By Harry Scoffin
All leasehold properties sold under the Help To Buy scheme from April next year will have to have “peppercorn” ground rents – that is, ground rents set to zero under current understanding of the term.
The move was announced earlier this week along with the setting up of a New Homes Ombudsman to try to make the UK’s “oligopoly” plc housebuilders up their game:
Housing Secretary clamps down on shoddy housebuilders
A New Homes Ombudsman will protect homebuyers from rogue developers Under new rules, rogue builders will have to pay compensation for shoddy work The Ombudsman will be independent and enforced in law as soon as possible Housebuilders must join the Ombudsman so all homebuyers see swift action to resolve issues Builders must also put quality first to sell homes under the government’s new Help to Buy scheme Homebuyers who are faced with shoddy building work in their new homes will be protected by a new, independent Ombudsman, Housing Secretary Robert Jenrick has confirmed today (24 February 2020).
But the restrictions do not include a bar on Help To Buy excluding leasehold houses.
The government has been promising to set new ground rents to zero and to ban leasehold houses since December 2017 … and we are still waiting.
Help To Buy has plummeted on leasehold houses from a high of 5,849 sales in 2017, to 2,103 in 2018 and only 524 new-build leasehold houses sales in 2019.
Last summer Communities Secretary James Brokenshire ordered officials at Homes England, which administers Help To Buy, “to renegotiate Help To Buy contracts to explicitly rule out the selling of new leasehold houses, other than in exceptional circumstance, to protect new home buyers from unscrupulous charges”.
It is disappointing to see no specific ban on leasehold houses in this announcement.
LKP is concerned by the use of the leasehold sector jargon of “peppercorn” ground rent.
Heather Wheeler, a former housing minister, was one of many politicians – and others – who seemed to think that the term just meant a small sum. She applied it to ground rents of “twenty-five quid” a year.
In fact, it is established in the courts as meaning zero: a sum of no monetary value.
Monday’s purported Help To Buy ground rent crackdown is one of a number of “new quality measures to improve consumer experience and safety”, coming alongside a tightening of the eligibility criteria to first-time buyers only, and the imposition of regional property price caps.
These latter are to prevent middle class Londoners, with incomes beyond £80,000 a year, from gaming the taxpayer-backed scheme.
Two years ago the National Audit Office said that nearly two thirds of those who have taken advantage of the initiative could have bought a property without it.
Monday’s announcement also gave confirmation of the much-vaunted plan to set up a housing ombudsman.
New watchdog will have power to ban rogue builders
A new body will be set up with powers to ban rogue developers from building new houses, and award compensation to those stuck in “shoddy” new-builds. The new homes ombudsman, which was promised in the Queen’s Speech last year, will be expected to take “swift action” to resolve problems. It will be tasked with resolving issues like faulty wiring, encountered by buyers of new homes.
Consumer homebuyers, currently facing the “injustice of … long waits and costly court cases trying to sort out problems with their new homes”, have been promised swift and no-cost redress from the New Homes Ombudsman.
The body, which will be independent of industry, will have powers to compel developers to pay compensation for snagging and other property defects, and expel repeat offenders who refuse to put quality first.

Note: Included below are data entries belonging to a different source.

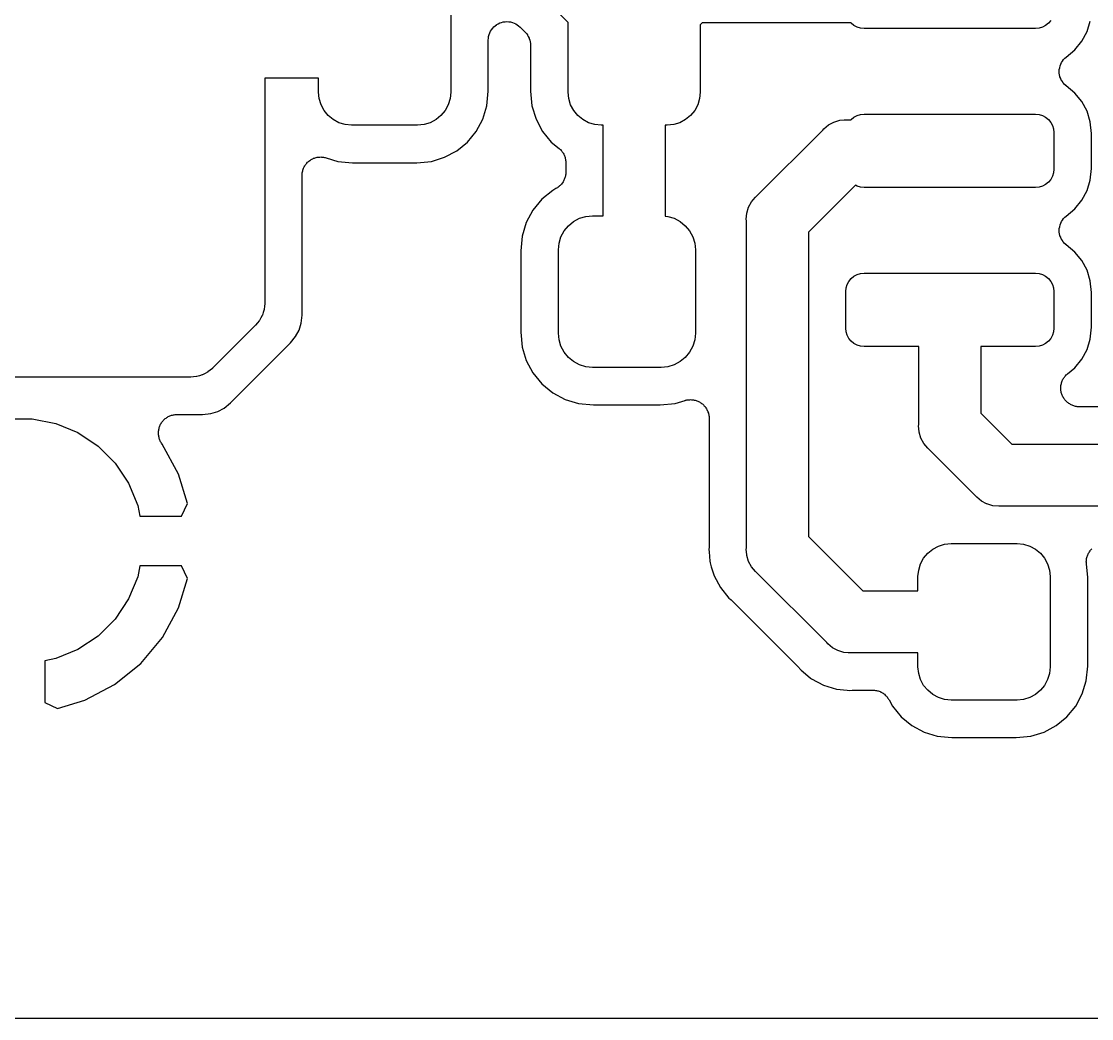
# Model space of a CAD drawing. Extents: x 0.48 to 2.43, y -7.79 to -4.85.
# Drawn here: x 0.953 to 1.1252, y -7.7883 to -7.6278 of the extents above; entities that cross this region are included whole.
import ezdxf

# ---------------------------------------------------------------- set-up
doc = ezdxf.new("R2010")
doc.units = 0
doc.header["$MEASUREMENT"] = 0
doc.layers.add('BLACK', color=7, linetype='CONTINUOUS')

msp = doc.modelspace()

# ---------------------------------------------------------------- linework, layer by layer
at = {"layer": 'BLACK', "linetype": 'CONTINUOUS'}
for p, q in [((1.04094, -7.62794), (1.01773, -7.60472)), ((1.02205, -7.62461), (1.02205, -7.63917)), ((1.02921, -7.62849), (1.02944, -7.62831)), ((1.02944, -7.62831), (1.02944, -7.6283)), ((1.02944, -7.6283), (1.02945, -7.6283)), ((1.02945, -7.6283), (1.02969, -7.62817)), ((1.02969, -7.62817), (1.02996, -7.62803)), ((1.02996, -7.62803), (1.02996, -7.62803)), ((1.02996, -7.62803), (1.02997, -7.62803)), ((1.02997, -7.62803), (1.03024, -7.62795)), ((1.03024, -7.62795), (1.03052, -7.62787)), ((1.03052, -7.62787), (1.03053, -7.62786)), ((1.03052, -7.62787), (1.03052, -7.62787)), ((1.03053, -7.62786), (1.03082, -7.62784)), ((1.03082, -7.62784), (1.0311, -7.62781)), ((1.0311, -7.62781), (1.03111, -7.62781)), ((1.03111, -7.62781), (1.03111, -7.62781)), ((1.03111, -7.62781), (1.0314, -7.62784)), ((1.0314, -7.62784), (1.03168, -7.62787)), ((1.03168, -7.62787), (1.03169, -7.62787)), ((1.03169, -7.62787), (1.03169, -7.62787)), ((1.03169, -7.62787), (1.03197, -7.62796)), ((1.03197, -7.62796), (1.03224, -7.62804)), ((1.03224, -7.62804), (1.03225, -7.62804)), ((1.03225, -7.62804), (1.03225, -7.62805)), ((1.03225, -7.62805), (1.03251, -7.62818)), ((1.03251, -7.62818), (1.03276, -7.62832)), ((1.03276, -7.62832), (1.03276, -7.62832)), ((1.03276, -7.62832), (1.03277, -7.62832)), ((1.03277, -7.62832), (1.03298, -7.6285)), ((1.04094, -7.63917), (1.04094, -7.62794)), ((1.0625, -7.62803), (1.0622, -7.62833)), ((1.0622, -7.62833), (1.0622, -7.63917)), ((1.08646, -7.62803), (1.0625, -7.62803)), ((1.08649, -7.62807), (1.08646, -7.62803)), ((1.08694, -7.62844), (1.08649, -7.62807)), ((1.08745, -7.62871), (1.08694, -7.62844)), ((1.11778, -7.62844), (1.11727, -7.62871)), ((1.11823, -7.62807), (1.11778, -7.62844)), ((1.1186, -7.62762), (1.11823, -7.62807)), ((1.12444, -7.62942), (1.12495, -7.62774)), ((1.02816, -7.63019), (1.02825, -7.62991)), ((1.02825, -7.62991), (1.02833, -7.62964)), ((1.02833, -7.62963), (1.02847, -7.62937)), ((1.02833, -7.62964), (1.02833, -7.62963)), ((1.02833, -7.62963), (1.02833, -7.62963)), ((1.02847, -7.62937), (1.02861, -7.62912)), ((1.02861, -7.62912), (1.02861, -7.62912)), ((1.02861, -7.62912), (1.02862, -7.62912)), ((1.02862, -7.62912), (1.02881, -7.62889)), ((1.02881, -7.62889), (1.02898, -7.62867)), ((1.02898, -7.62867), (1.02899, -7.62867)), ((1.02899, -7.62867), (1.02921, -7.62849)), ((1.02899, -7.62867), (1.02899, -7.62867)), ((1.03298, -7.6285), (1.03321, -7.62869)), ((1.03321, -7.62869), (1.03402, -7.6295)), ((1.03402, -7.6295), (1.03403, -7.62951)), ((1.03403, -7.62951), (1.03403, -7.62951)), ((1.03403, -7.62951), (1.03403, -7.62951)), ((1.03403, -7.62951), (1.03405, -7.62953)), ((1.03405, -7.62953), (1.03423, -7.62975)), ((1.03423, -7.62975), (1.0344, -7.62996)), ((1.0344, -7.62996), (1.03441, -7.62998)), ((1.03441, -7.62998), (1.03442, -7.62999)), ((1.03442, -7.62999), (1.03454, -7.63023)), ((1.08801, -7.62888), (1.08745, -7.62871)), ((1.08858, -7.62894), (1.08801, -7.62888)), ((1.11614, -7.62894), (1.08858, -7.62894)), ((1.11672, -7.62888), (1.11614, -7.62894)), ((1.11727, -7.62871), (1.11672, -7.62888)), ((1.12361, -7.63097), (1.12444, -7.62942)), ((1.02809, -7.63077), (1.02812, -7.63048)), ((1.02809, -7.63078), (1.02809, -7.63077)), ((1.02809, -7.63081), (1.02809, -7.63078)), ((1.02809, -7.63078), (1.02809, -7.63078)), ((1.02809, -7.63078), (1.02809, -7.63078)), ((1.02809, -7.63903), (1.02809, -7.63081)), ((1.02812, -7.63048), (1.02815, -7.6302)), ((1.02815, -7.6302), (1.02816, -7.63019)), ((1.02816, -7.63019), (1.02816, -7.63019)), ((1.03454, -7.63023), (1.03467, -7.63048)), ((1.03467, -7.63048), (1.03468, -7.63049)), ((1.03468, -7.63049), (1.03469, -7.63051)), ((1.03469, -7.63051), (1.03476, -7.63077)), ((1.03476, -7.63077), (1.03484, -7.63104)), ((1.03484, -7.63104), (1.03485, -7.63105)), ((1.03485, -7.63105), (1.03485, -7.63107)), ((1.03485, -7.63107), (1.03487, -7.63135)), ((1.03487, -7.63135), (1.0349, -7.63162)), ((1.0349, -7.63162), (1.0349, -7.63903)), ((1.12249, -7.63234), (1.12361, -7.63097)), ((1.12086, -7.63371), (1.12106, -7.63351)), ((1.12106, -7.63351), (1.12249, -7.63234)), ((1.11998, -7.6355), (1.12004, -7.63523)), ((1.12004, -7.63523), (1.1201, -7.63495)), ((1.1201, -7.63493), (1.12021, -7.63467)), ((1.1201, -7.63494), (1.1201, -7.63493)), ((1.1201, -7.63495), (1.1201, -7.63494)), ((1.12021, -7.63467), (1.12032, -7.63441)), ((1.12032, -7.63441), (1.12033, -7.6344)), ((1.12033, -7.63439), (1.12049, -7.63416)), ((1.12033, -7.6344), (1.12033, -7.63439)), ((1.12049, -7.63416), (1.12065, -7.63392)), ((1.12065, -7.63392), (1.12066, -7.63391)), ((1.12066, -7.63391), (1.12086, -7.63371)), ((1.12066, -7.63391), (1.12066, -7.63391)), ((1.00079, -7.63689), (0.992126, -7.63689)), ((0.992126, -7.63689), (0.992126, -7.67313)), ((1.00079, -7.63917), (1.00079, -7.63689)), ((1.11998, -7.63551), (1.11998, -7.6355)), ((1.11998, -7.63552), (1.11998, -7.63551)), ((1.11998, -7.6358), (1.11998, -7.63552)), ((1.11998, -7.63609), (1.11998, -7.6358)), ((1.11998, -7.6361), (1.11998, -7.63609)), ((1.11998, -7.63611), (1.11998, -7.6361)), ((1.12003, -7.63639), (1.11998, -7.63611)), ((1.12009, -7.63667), (1.12003, -7.63639)), ((1.12009, -7.63668), (1.12009, -7.63667)), ((1.12009, -7.63667), (1.12009, -7.63667)), ((1.1202, -7.63695), (1.12009, -7.63668)), ((1.1203, -7.63721), (1.1202, -7.63695)), ((1.12031, -7.63722), (1.1203, -7.63721)), ((1.12047, -7.63746), (1.12031, -7.63722)), ((1.12031, -7.63722), (1.12031, -7.63722)), ((1.12062, -7.6377), (1.12047, -7.63746)), ((1.12063, -7.63771), (1.12062, -7.6377)), ((1.12064, -7.63771), (1.12063, -7.63771)), ((1.12083, -7.63791), (1.12064, -7.63771)), ((1.12103, -7.63812), (1.12083, -7.63791)), ((1.12105, -7.63813), (1.12103, -7.63812)), ((1.12106, -7.63815), (1.12105, -7.63813)), ((1.12105, -7.63813), (1.12105, -7.63813)), ((1.12105, -7.63813), (1.12105, -7.63813)), ((1.12249, -7.63932), (1.12106, -7.63815)), ((1.00089, -7.64021), (1.00079, -7.63917)), ((1.00119, -7.64121), (1.00089, -7.64021)), ((1.02195, -7.64021), (1.02164, -7.64121)), ((1.02205, -7.63917), (1.02195, -7.64021)), ((1.02786, -7.64139), (1.02809, -7.63903)), ((1.0349, -7.63903), (1.03513, -7.64139)), ((1.04105, -7.64021), (1.04094, -7.63917)), ((1.04135, -7.64121), (1.04105, -7.64021)), ((1.0621, -7.64021), (1.0618, -7.64121)), ((1.0622, -7.63917), (1.0621, -7.64021)), ((1.12361, -7.64068), (1.12249, -7.63932)), ((1.00168, -7.64213), (1.00119, -7.64121)), ((1.00234, -7.64293), (1.00168, -7.64213)), ((1.02115, -7.64213), (1.02049, -7.64293)), ((1.02164, -7.64121), (1.02115, -7.64213)), ((1.02721, -7.64351), (1.02786, -7.64139)), ((1.03513, -7.64139), (1.03578, -7.64351)), ((1.04184, -7.64213), (1.04135, -7.64121)), ((1.0425, -7.64293), (1.04184, -7.64213)), ((1.06131, -7.64213), (1.06065, -7.64293)), ((1.0618, -7.64121), (1.06131, -7.64213)), ((1.12444, -7.64223), (1.12361, -7.64068)), ((1.12495, -7.64392), (1.12444, -7.64223)), ((1.00315, -7.64359), (1.00234, -7.64293)), ((1.00407, -7.64408), (1.00315, -7.64359)), ((1.01969, -7.64359), (1.01877, -7.64408)), ((1.02049, -7.64293), (1.01969, -7.64359)), ((1.02616, -7.64548), (1.02721, -7.64351)), ((1.03578, -7.64351), (1.03683, -7.64548)), ((1.04331, -7.64359), (1.0425, -7.64293)), ((1.04423, -7.64408), (1.04331, -7.64359)), ((1.05984, -7.64359), (1.05892, -7.64408)), ((1.06065, -7.64293), (1.05984, -7.64359)), ((1.08371, -7.64398), (1.08465, -7.64369)), ((1.08465, -7.64369), (1.08538, -7.64362)), ((1.08538, -7.64362), (1.08563, -7.6436)), ((1.08538, -7.64362), (1.08538, -7.64362)), ((1.08563, -7.6436), (1.08588, -7.64362)), ((1.08588, -7.64362), (1.08646, -7.64362)), ((1.08646, -7.64362), (1.08649, -7.64358)), ((1.08649, -7.64358), (1.08694, -7.64321)), ((1.08694, -7.64321), (1.08745, -7.64294)), ((1.08745, -7.64294), (1.08801, -7.64277)), ((1.08801, -7.64277), (1.08858, -7.64272)), ((1.08858, -7.64272), (1.11614, -7.64272)), ((1.11614, -7.64272), (1.11672, -7.64277)), ((1.11672, -7.64277), (1.11727, -7.64294)), ((1.11727, -7.64294), (1.11778, -7.64321)), ((1.11778, -7.64321), (1.11823, -7.64358)), ((1.11823, -7.64358), (1.1186, -7.64403)), ((1.12514, -7.64582), (1.12495, -7.64392)), ((1.00507, -7.64439), (1.00407, -7.64408)), ((1.0061, -7.64449), (1.00507, -7.64439)), ((1.01673, -7.64449), (1.0061, -7.64449)), ((1.01777, -7.64439), (1.01673, -7.64449)), ((1.01877, -7.64408), (1.01777, -7.64439)), ((1.02475, -7.64719), (1.02616, -7.64548)), ((1.03683, -7.64548), (1.03824, -7.64719)), ((1.04522, -7.64439), (1.04423, -7.64408)), ((1.04626, -7.64449), (1.04522, -7.64439)), ((1.04657, -7.64449), (1.04626, -7.64449)), ((1.04657, -7.65906), (1.04657, -7.64449)), ((1.05689, -7.64449), (1.05657, -7.64449)), ((1.05657, -7.64449), (1.05657, -7.65912)), ((1.05793, -7.64439), (1.05689, -7.64449)), ((1.05892, -7.64408), (1.05793, -7.64439)), ((1.07127, -7.65591), (1.08192, -7.64526)), ((1.08192, -7.64526), (1.08208, -7.64507)), ((1.08208, -7.64507), (1.08284, -7.64444)), ((1.08284, -7.64444), (1.08371, -7.64398)), ((1.1186, -7.64403), (1.11887, -7.64454)), ((1.11887, -7.64454), (1.11904, -7.64509)), ((1.11904, -7.64509), (1.11909, -7.64567)), ((1.11909, -7.64567), (1.11909, -7.65157)), ((1.02303, -7.64861), (1.02475, -7.64719)), ((1.03824, -7.64719), (1.03948, -7.64821)), ((1.12514, -7.65143), (1.12514, -7.64582)), ((1.02107, -7.64965), (1.02303, -7.64861)), ((1.03948, -7.64821), (1.03951, -7.64824)), ((1.03951, -7.64824), (1.0396, -7.64833)), ((1.0396, -7.64833), (1.0397, -7.64842)), ((1.0397, -7.64842), (1.03981, -7.64854)), ((1.03981, -7.64854), (1.03992, -7.64866)), ((1.03992, -7.64866), (1.03999, -7.64877)), ((1.03999, -7.64877), (1.04007, -7.64887)), ((1.04007, -7.64887), (1.04015, -7.64901)), ((1.04015, -7.64901), (1.04024, -7.64915)), ((0.998651, -7.6509), (0.998739, -7.6508)), ((0.998739, -7.6508), (0.998817, -7.65068)), ((0.998817, -7.65068), (0.998927, -7.65057)), ((0.998927, -7.65057), (0.999027, -7.65045)), ((0.999027, -7.65045), (0.999135, -7.65037)), ((0.999135, -7.65037), (0.999233, -7.65027)), ((0.999233, -7.65027), (0.999362, -7.65018)), ((0.999362, -7.65018), (0.999483, -7.65009)), ((0.999483, -7.65009), (0.999606, -7.65002)), ((0.999606, -7.65002), (0.999721, -7.64995)), ((0.999721, -7.64995), (0.999865, -7.64989)), ((0.999865, -7.64989), (1, -7.64981)), ((1, -7.64981), (1.00013, -7.64978)), ((1.00013, -7.64978), (1.00026, -7.64972)), ((1.00026, -7.64972), (1.00042, -7.64969)), ((1.00042, -7.64969), (1.00056, -7.64965)), ((1.00056, -7.64965), (1.0007, -7.64964)), ((1.0007, -7.64964), (1.00084, -7.64961)), ((1.00084, -7.64961), (1.00099, -7.64961)), ((1.00099, -7.64961), (1.00115, -7.6496)), ((1.00115, -7.6496), (1.00128, -7.64961)), ((1.00128, -7.64961), (1.00142, -7.64961)), ((1.00142, -7.64961), (1.00157, -7.64964)), ((1.00157, -7.64964), (1.00173, -7.64966)), ((1.00173, -7.64966), (1.00186, -7.6497)), ((1.00186, -7.6497), (1.002, -7.64973)), ((1.002, -7.64973), (1.00389, -7.6503)), ((1.00389, -7.6503), (1.00625, -7.65053)), ((1.00625, -7.65053), (1.01658, -7.65053)), ((1.01658, -7.65053), (1.01895, -7.6503)), ((1.01895, -7.6503), (1.02107, -7.64965)), ((1.04024, -7.64915), (1.04029, -7.64927)), ((1.04029, -7.64927), (1.04035, -7.64939)), ((1.04035, -7.64939), (1.0404, -7.64954)), ((1.0404, -7.64954), (1.04046, -7.64969)), ((1.04046, -7.64969), (1.04048, -7.64982)), ((1.04048, -7.64982), (1.04052, -7.64995)), ((1.04052, -7.64995), (1.04053, -7.65011)), ((1.04053, -7.65011), (1.04056, -7.65027)), ((1.04056, -7.65027), (1.04056, -7.6504)), ((1.04056, -7.6504), (1.04057, -7.65053)), ((1.04057, -7.65053), (1.04057, -7.65205)), ((0.998126, -7.65255), (0.998142, -7.65242)), ((0.998126, -7.6526), (0.998126, -7.65255)), ((0.998142, -7.65242), (0.998143, -7.65228)), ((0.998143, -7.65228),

Communities Secretary Robert Jenrick said:
“It’s completely unacceptable that so many people struggle to get answers when they find issues with their dream new home. That’s why the Ombudsman will stop rogue developers getting away with shoddy building work and raise the game of housebuilders across the sector. Homebuyers will be able to access help when they need it, so disputes can be resolved faster and people can get the compensation they deserve.”
The ministry of housing has not said how the body will be funded.
It is to be hoped that consumers – almost always neglected when government and the “oligopoly” housebuilders get together – will be included on its board.
Raymond, Smith
I am unable to sleep, as my service charges and ground rent are due in 3 weeks.
I have to get an overdraft to pay those charges every 6 months.
in total £600
Paid £84,000 in 2010, cant sell even at £65,000.
It is cheaper to get an overdraft than to have to pay £60 admin charges.
A one bedroom flat with hardly any garden, in a block of 4.
Surely there must be a sense of fairness somewhere in this government.